On October 31, 2017, Nexa Resources S.A. (formerly, VM Holding S.A.) (Nexa) and Votorantim S.A. (Votorantim) completed the initial public offering of 35,650,000 common shares (including full exercise of the over-allotment option on closing) of Nexa on the TSX and NYSE at a price of US$16.00 (C$20.69) per share for aggregate gross proceeds to Nexa and Votorantim of US$570M (C$728M). Nexa is a global zinc producer with over 60 years of experience developing and operating mining assets in Latin America. Nexa operates and owns five long-life underground mines, three located in the Central Andes of Peru and two located in the state of Minas Gerais in Brazil. The offering represents the third largest mining company initial public offering in TSX history and the largest mining IPO of a Latin American focused company on the TSX.
J.P. Morgan Securities LLC, BMO Nesbitt Burns Inc., Morgan Stanley & Co. LLC and Credit Suisse Securities (USA) LLC acted as global coordinators in the offering. Merrill Lynch, Pierce, Fenner & Smith Incorporated, Citigroup Global Markets Inc., Scotia Capital Inc., Banco Bradesco BBI S.A. and Credicorp Capital Sociedad Agente de Bolsa S.A. acted as joint bookrunners in the offering. ABN AMRO Securities (USA) LLC, Banco do Brasil Securities LLC, Macquarie Capital Markets Canada Ltd., MUFG Securities Americas Inc., National Bank of Canada Financial Inc. and RBC Capital Markets, LLC acted as co-managers in the offering.

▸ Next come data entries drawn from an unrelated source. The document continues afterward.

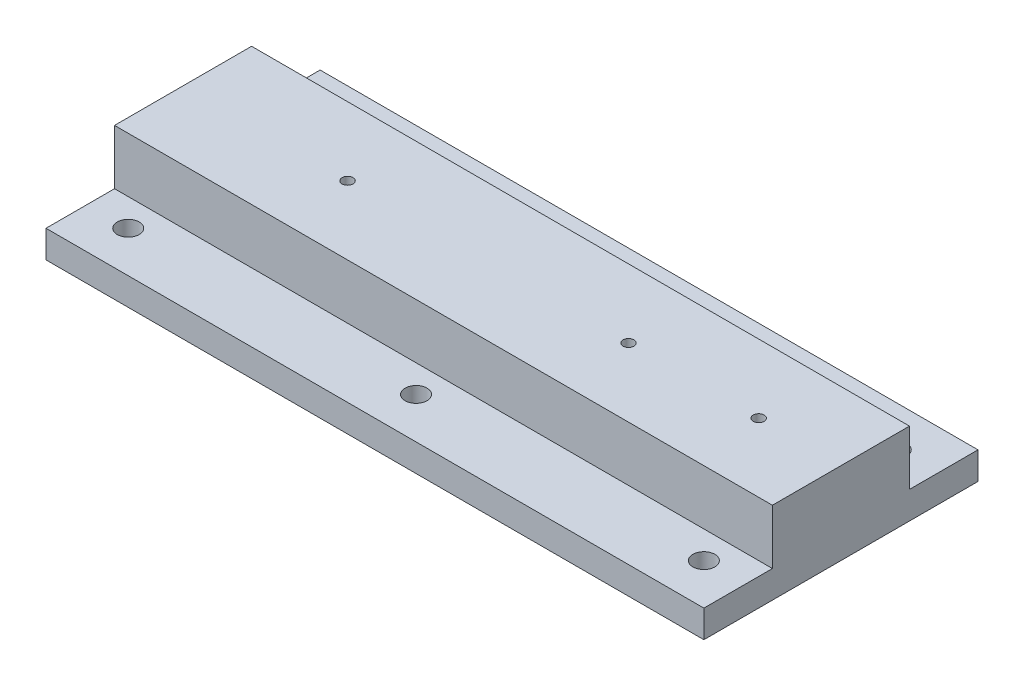
from build123d import *

# Parameters (mm, degrees)
SKETCH2_W                       = 120
SKETCH2_H                       = 50
BOSS_EXTRUDE1_DEPTH             = 15
AUFSATZ_LINEAR_START            = 47.5
AUFSATZ_LINEAR_AUSTRAGEN3_DEPTH = 47.5
SCHNITT_LINEAR_START            = 35
SKIZZE7_R                       = 7.5
SCHNITT_LINEAR_AUSTRAGEN2_DEPTH = 12.5
SCHNITT_LINEAR_START_2          = 10
SKIZZE7_2_R                     = 7.5
SCHNITT_LINEAR_AUSTRAGEN3_DEPTH = 10
SCHNITT_LINEAR_AUSTRAGEN4_REACH = 84.234
SKIZZE8_R                       = 1
SCHNITT_LINEAR_AUSTRAGEN5_DEPTH = 126.77149982
SKIZZE10_R                      = 2
SCHNITT_LINEAR_AUSTRAGEN7_DEPTH = 82.469960946
SPIEGELN3_COPY_1_SKETCH_R       = 2
SPIEGELN3_COPY_1_DEPTH          = 82.469960946
SKIZZE12_R                      = 2
SCHNITT_LINEAR_AUSTRAGEN8_DEPTH = 10


with BuildPart() as part:
    # Sketch2 → Boss-Extrude1 (new body)
    with BuildSketch(Plane(origin=(0, 0, 0), x_dir=(1, 0, 0), z_dir=(0, 1, 0))):
        with Locations((13.101876656, 9.54663752)):
            Rectangle(SKETCH2_W, SKETCH2_H)
    extrude(amount=BOSS_EXTRUDE1_DEPTH)

    # Sketch3 → Cut-Revolve8 (revolve, cut)
    with BuildSketch(Plane(origin=(0, 0, 0), x_dir=(1, 0, 0), z_dir=(0, 1, 0))):
        Polygon((63.101876656, 9.54663752), (63.101876656, 17.04663752), (3.101876656, 17.04663752), (3.101876656, 19.54663752), (-36.898123344, 19.54663752), (-36.898123344, 9.54663752), align=None)
    revolve(axis=Axis((74.354835368, 0, -9.54663752), (-1, 0, 0)), mode=Mode.SUBTRACT)

    # Skizze2 → Aufsatz-Linear austragen3 (add)
    with BuildSketch(Plane.ZY.offset(-63.101876656).offset(AUFSATZ_LINEAR_START)):
        with BuildLine():
            Line((-3.54663752, 0), (-2.04663752, 0))
            ThreePointArc((-2.04663752, 0), (-2.491532858, 2.544700024), (-3.773437043, 4.7875))
            Line((-3.773437043, 4.7875), (-4.928077138, 3.83))
            ThreePointArc((-4.928077138, 3.83), (-3.902553791, 2.035760019), (-3.54663752, 0))
        make_face()
    aufsatz_linear_austragen3 = extrude(amount=-AUFSATZ_LINEAR_AUSTRAGEN3_DEPTH)

    # Spiegeln1: Aufsatz-Linear austragen3 across plane
    add(aufsatz_linear_austragen3.mirror(Plane.XY.offset(-9.54663752)))

    # Skizze7 → Schnitt-Linear austragen2 (cut)
    with BuildSketch(Plane.ZY.offset(-63.101876656).offset(SCHNITT_LINEAR_START)):
        with Locations((-9.54663752, 0)):
            Circle(SKIZZE7_R)
    extrude(amount=-SCHNITT_LINEAR_AUSTRAGEN2_DEPTH, mode=Mode.SUBTRACT)

    # Skizze7<2> → Schnitt-Linear austragen3 (cut)
    with BuildSketch(Plane.ZY.offset(-63.101876656).offset(SCHNITT_LINEAR_START_2)):
        with Locations((-9.54663752, 0)):
            Circle(SKIZZE7_2_R)
    extrude(amount=-SCHNITT_LINEAR_AUSTRAGEN3_DEPTH, mode=Mode.SUBTRACT)

    # Skizze8 → Schnitt-Linear austragen4 (cut, up to next)
    with BuildSketch(Plane(origin=(0, 15, 0), x_dir=(1, 0, 0), z_dir=(0, 1, 0)), mode=Mode.PRIVATE) as schnitt_linear_austragen4_sk1:
        with Locations(Location((58.101876656, 9.54663752, 0), (0, 0, 270))):
            Circle(SKIZZE8_R)
    schnitt_linear_austragen4_tool1 = extrude(schnitt_linear_austragen4_sk1.sketch, amount=-SCHNITT_LINEAR_AUSTRAGEN4_REACH, mode=Mode.PRIVATE) & part.part
    # Skizze8 → Schnitt-Linear austragen4 (cut, up to next)
    with BuildSketch(Plane(origin=(0, 15, 0), x_dir=(1, 0, 0), z_dir=(0, 1, 0)), mode=Mode.PRIVATE) as schnitt_linear_austragen4_sk2:
        with Locations(Location((34.351876656, 9.54663752, 0), (0, 0, 270))):
            Circle(SKIZZE8_R)
    schnitt_linear_austragen4_tool2 = extrude(schnitt_linear_austragen4_sk2.sketch, amount=-SCHNITT_LINEAR_AUSTRAGEN4_REACH, mode=Mode.PRIVATE) & part.part
    # Skizze8 → Schnitt-Linear austragen4 (cut, up to next)
    with BuildSketch(Plane(origin=(0, 15, 0), x_dir=(1, 0, 0), z_dir=(0, 1, 0)), mode=Mode.PRIVATE) as schnitt_linear_austragen4_sk3:
        with Locations(Location((-16.898123344, 9.54663752, 0), (0, 0, 270))):
            Circle(SKIZZE8_R)
    schnitt_linear_austragen4_tool3 = extrude(schnitt_linear_austragen4_sk3.sketch, amount=-SCHNITT_LINEAR_AUSTRAGEN4_REACH, mode=Mode.PRIVATE) & part.part
    add(schnitt_linear_austragen4_tool1.solids().sort_by_distance((58.101877, 15, -9.546638))[0], mode=Mode.SUBTRACT)
    add(schnitt_linear_austragen4_tool2.solids().sort_by_distance((34.351877, 15, -9.546638))[0], mode=Mode.SUBTRACT)
    add(schnitt_linear_austragen4_tool3.solids().sort_by_distance((-16.898123, 15, -9.546638))[0], mode=Mode.SUBTRACT)

    # Skizze9 → Schnitt-Linear austragen5 (cut, through all)
    with BuildSketch(Plane.ZY.offset(46.898123344)):
        Polygon((-34.54663752, 5), (-22.04663752, 5), (-22.04663752, 15), (2.95336248, 15), (2.95336248, 5), (15.45336248, 5), (15.45336248, 15), (-34.54663752, 15), align=None)
    extrude(amount=-SCHNITT_LINEAR_AUSTRAGEN5_DEPTH, mode=Mode.SUBTRACT)

    # Skizze10 → Schnitt-Linear austragen7 (cut, through all)
    with BuildSketch(Plane(origin=(0, 5, 0), x_dir=(1, 0, 0), z_dir=(0, 1, 0))):
        with Locations(Location((65.601876656, 27.04663752, 0), (0, 0, 270))):
            Circle(SKIZZE10_R)
    schnitt_linear_austragen7 = extrude(amount=-SCHNITT_LINEAR_AUSTRAGEN7_DEPTH, mode=Mode.SUBTRACT)

    # Spiegeln2: Schnitt-Linear austragen7 across plane
    add(schnitt_linear_austragen7.mirror(Plane.XY.offset(-9.54663752)), mode=Mode.SUBTRACT)

    # Spiegeln3: Schnitt-Linear austragen7 across plane
    add(schnitt_linear_austragen7.mirror(Plane(origin=(13.101876656, 0, 0), x_dir=(0, 0, 1), z_dir=(1, 0, 0))), mode=Mode.SUBTRACT)

    # Spiegeln3 copy 1 sketch → Spiegeln3 copy 1 (cut, through all)
    with BuildSketch(Plane(origin=(26.203753312, 5, -19.09327504), x_dir=(-1, 0, 0), z_dir=(0, 1, 0))):
        with Locations(Location((65.601876656, 27.04663752, 0), (0, 0, 270))):
            Circle(SPIEGELN3_COPY_1_SKETCH_R)
    extrude(amount=-SPIEGELN3_COPY_1_DEPTH, mode=Mode.SUBTRACT)

    # Skizze12 → Schnitt-Linear austragen8 (cut)
    with BuildSketch(Plane(origin=(0, 5, 0), x_dir=(1, 0, 0), z_dir=(0, 1, 0))):
        with Locations(Location((13.101876656, 27.04663752, 0), (0, 0, 270))):
            Circle(SKIZZE12_R)
        with Locations(Location((13.101876656, -7.95336248, 0), (0, 0, 270))):
            Circle(SKIZZE12_R)
    extrude(amount=-SCHNITT_LINEAR_AUSTRAGEN8_DEPTH, mode=Mode.SUBTRACT)


solid = part.part

Nexa and Votorantim S.A. were represented in Canada by Jay Kellerman, Ivan Grbešic, Ramandeep Grewal, Steven Bennett, Julia Dmitrijeva and Christian Vieira (securities), Dean Kraus, Lindsay Gwyer and Eryn Fanjoy (tax) of Stikeman Elliott LLP; and in the US by Cleary Gottlieb Steen & Hamilton LLP. The Cleary team included Nicolas Grabar, Francesca Odell, Juan Giráldez, Alejandro Canelas Fernandez, Amber Payne and Karina Cardozo de Oliveira (securities), Erika Nijenhuis and Julian Cardona (tax), Elizabeth Chang (NYSE and FINRA) and Mary Alcock (employee benefits). All lawyers are based in New York except for Juan Giráldez, who is based in São Paulo.
The underwriters were represented in Canada by Frederico Marques, Andrew Parker, Gary Litwack, Michael Nicholas, Ryan Hornby, Claire Gowdy, John Murray (securities), Patrick McCay and Justin Shoemaker (tax) of McCarthy Tétrault LLP; and in the US by Skadden, Arps, Slate, Meagher & Flom LLP. The Skadden team included Mathias von Bernuth and Filipe Areno (corporate finance) and Jonathan Lewis (corporate) in São Paulo; Paul Schnell (M&A) in New York; and Riccardo Leofanti (corporate finance) in Toronto.